- _RECORDS SHOWN_:
-------

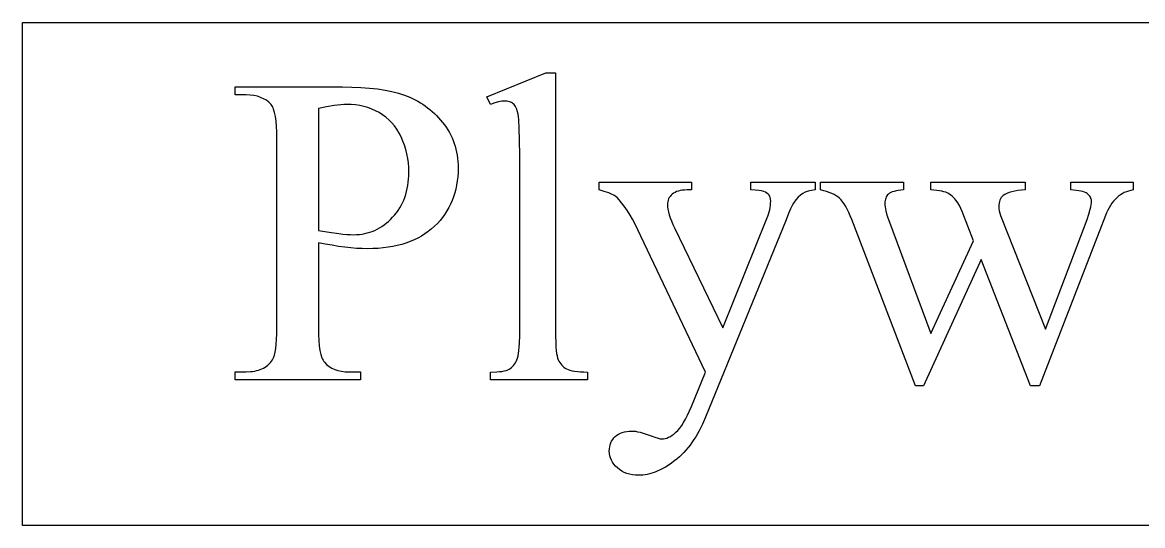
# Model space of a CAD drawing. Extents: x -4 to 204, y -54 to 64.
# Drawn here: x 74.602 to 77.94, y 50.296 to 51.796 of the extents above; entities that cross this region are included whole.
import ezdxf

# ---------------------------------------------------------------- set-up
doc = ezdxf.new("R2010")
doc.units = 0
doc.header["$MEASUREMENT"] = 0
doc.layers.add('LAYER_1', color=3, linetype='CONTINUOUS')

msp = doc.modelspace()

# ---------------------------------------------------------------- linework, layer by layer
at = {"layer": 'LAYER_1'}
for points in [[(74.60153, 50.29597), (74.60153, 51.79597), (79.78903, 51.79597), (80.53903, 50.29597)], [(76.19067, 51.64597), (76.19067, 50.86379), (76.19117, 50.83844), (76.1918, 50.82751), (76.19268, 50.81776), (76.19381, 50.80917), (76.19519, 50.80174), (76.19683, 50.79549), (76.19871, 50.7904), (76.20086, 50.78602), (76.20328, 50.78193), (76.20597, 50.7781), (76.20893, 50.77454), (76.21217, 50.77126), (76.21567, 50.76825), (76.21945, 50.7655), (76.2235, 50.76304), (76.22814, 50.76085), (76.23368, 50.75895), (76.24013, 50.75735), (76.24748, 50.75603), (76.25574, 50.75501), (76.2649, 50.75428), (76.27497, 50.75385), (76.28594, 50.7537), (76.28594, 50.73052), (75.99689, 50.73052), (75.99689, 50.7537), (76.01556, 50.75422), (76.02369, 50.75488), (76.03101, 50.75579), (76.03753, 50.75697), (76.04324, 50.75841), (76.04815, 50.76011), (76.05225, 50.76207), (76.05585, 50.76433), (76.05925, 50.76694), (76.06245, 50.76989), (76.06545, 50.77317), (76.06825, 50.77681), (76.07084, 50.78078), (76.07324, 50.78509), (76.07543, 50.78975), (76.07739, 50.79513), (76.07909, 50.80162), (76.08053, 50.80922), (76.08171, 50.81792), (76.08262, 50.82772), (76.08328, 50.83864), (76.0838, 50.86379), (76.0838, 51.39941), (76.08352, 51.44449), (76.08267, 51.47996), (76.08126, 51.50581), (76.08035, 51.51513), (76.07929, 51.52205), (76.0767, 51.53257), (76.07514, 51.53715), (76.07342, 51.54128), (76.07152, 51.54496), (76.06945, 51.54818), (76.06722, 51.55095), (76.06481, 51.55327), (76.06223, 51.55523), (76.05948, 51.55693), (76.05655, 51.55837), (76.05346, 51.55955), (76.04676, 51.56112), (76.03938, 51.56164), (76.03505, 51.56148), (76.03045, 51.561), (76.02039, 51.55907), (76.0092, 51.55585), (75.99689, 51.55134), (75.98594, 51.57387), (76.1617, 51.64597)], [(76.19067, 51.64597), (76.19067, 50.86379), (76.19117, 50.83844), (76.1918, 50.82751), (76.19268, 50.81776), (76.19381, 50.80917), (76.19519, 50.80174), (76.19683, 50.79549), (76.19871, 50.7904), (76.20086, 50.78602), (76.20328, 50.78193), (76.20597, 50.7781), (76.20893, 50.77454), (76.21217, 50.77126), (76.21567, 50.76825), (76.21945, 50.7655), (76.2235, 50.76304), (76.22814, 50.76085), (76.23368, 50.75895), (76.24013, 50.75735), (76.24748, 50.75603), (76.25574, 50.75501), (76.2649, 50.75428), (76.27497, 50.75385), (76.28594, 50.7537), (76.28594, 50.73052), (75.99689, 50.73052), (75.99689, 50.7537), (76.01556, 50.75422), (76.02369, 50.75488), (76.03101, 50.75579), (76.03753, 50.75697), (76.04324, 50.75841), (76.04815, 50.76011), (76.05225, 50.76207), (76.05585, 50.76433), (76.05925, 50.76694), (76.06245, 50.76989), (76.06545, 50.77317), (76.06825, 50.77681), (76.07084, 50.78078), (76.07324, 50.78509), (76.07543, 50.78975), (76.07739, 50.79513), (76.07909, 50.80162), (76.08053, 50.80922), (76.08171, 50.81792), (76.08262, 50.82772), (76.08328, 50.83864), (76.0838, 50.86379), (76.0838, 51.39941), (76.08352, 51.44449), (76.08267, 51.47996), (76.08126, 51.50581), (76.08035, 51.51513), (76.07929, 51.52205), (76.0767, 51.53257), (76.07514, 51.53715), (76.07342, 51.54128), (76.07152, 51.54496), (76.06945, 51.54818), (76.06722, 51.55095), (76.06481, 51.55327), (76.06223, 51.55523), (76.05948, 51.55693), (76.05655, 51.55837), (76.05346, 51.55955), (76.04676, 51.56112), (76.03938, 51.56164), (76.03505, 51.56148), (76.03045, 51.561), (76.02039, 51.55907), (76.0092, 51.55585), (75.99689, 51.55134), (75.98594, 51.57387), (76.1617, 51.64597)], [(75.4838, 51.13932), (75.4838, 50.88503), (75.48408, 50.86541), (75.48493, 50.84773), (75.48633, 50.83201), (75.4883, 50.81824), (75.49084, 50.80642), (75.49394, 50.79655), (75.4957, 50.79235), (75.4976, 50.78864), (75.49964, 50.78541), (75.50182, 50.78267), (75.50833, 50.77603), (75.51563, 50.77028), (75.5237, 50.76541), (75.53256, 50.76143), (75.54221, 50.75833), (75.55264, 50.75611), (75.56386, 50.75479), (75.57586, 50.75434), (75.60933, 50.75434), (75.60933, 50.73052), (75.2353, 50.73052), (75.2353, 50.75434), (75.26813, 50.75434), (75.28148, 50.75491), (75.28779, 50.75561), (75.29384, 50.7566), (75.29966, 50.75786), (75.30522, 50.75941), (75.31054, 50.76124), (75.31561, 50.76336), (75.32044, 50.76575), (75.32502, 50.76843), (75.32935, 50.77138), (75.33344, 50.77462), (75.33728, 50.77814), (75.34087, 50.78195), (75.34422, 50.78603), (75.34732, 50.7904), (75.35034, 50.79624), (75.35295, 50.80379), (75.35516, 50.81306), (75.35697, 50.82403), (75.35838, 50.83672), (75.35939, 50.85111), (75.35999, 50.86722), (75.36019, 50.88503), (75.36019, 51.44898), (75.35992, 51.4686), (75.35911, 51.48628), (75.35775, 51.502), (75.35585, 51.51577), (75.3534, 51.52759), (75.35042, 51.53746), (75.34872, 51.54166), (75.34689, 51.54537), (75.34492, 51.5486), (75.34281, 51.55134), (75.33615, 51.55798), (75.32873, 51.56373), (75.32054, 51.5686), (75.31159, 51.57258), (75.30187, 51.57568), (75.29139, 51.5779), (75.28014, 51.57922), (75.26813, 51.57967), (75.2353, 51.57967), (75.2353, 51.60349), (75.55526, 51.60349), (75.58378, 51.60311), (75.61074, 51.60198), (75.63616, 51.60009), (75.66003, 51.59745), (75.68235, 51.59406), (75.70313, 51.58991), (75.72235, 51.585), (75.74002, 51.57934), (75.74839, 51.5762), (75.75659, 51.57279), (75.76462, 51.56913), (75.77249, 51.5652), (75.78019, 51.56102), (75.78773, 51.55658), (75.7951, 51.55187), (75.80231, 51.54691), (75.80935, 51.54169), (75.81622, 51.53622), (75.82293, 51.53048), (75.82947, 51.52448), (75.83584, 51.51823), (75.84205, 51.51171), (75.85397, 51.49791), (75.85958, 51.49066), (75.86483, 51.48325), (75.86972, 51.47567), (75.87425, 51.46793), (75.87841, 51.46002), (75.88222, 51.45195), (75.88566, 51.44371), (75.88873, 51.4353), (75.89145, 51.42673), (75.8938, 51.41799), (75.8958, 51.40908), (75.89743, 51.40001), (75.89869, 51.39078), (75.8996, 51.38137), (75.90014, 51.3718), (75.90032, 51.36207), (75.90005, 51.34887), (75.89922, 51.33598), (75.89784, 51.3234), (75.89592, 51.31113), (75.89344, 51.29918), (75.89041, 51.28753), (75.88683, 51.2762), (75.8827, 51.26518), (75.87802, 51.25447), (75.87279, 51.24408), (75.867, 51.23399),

-------

- _ACTION ITEM_: What is needed is an exact copy of the lines from the beginning of the data through the line containing "msp = doc.modelspace()", both included, without any pictures.

- _ANSWER SECTION_:
# Model space of a CAD drawing. Extents: x -4 to 204, y -54 to 64.
# Drawn here: x 74.602 to 77.94, y 50.296 to 51.796 of the extents above; entities that cross this region are included whole.
import ezdxf

# ---------------------------------------------------------------- set-up
doc = ezdxf.new("R2010")
doc.units = 0
doc.header["$MEASUREMENT"] = 0
doc.layers.add('LAYER_1', color=3, linetype='CONTINUOUS')

msp = doc.modelspace()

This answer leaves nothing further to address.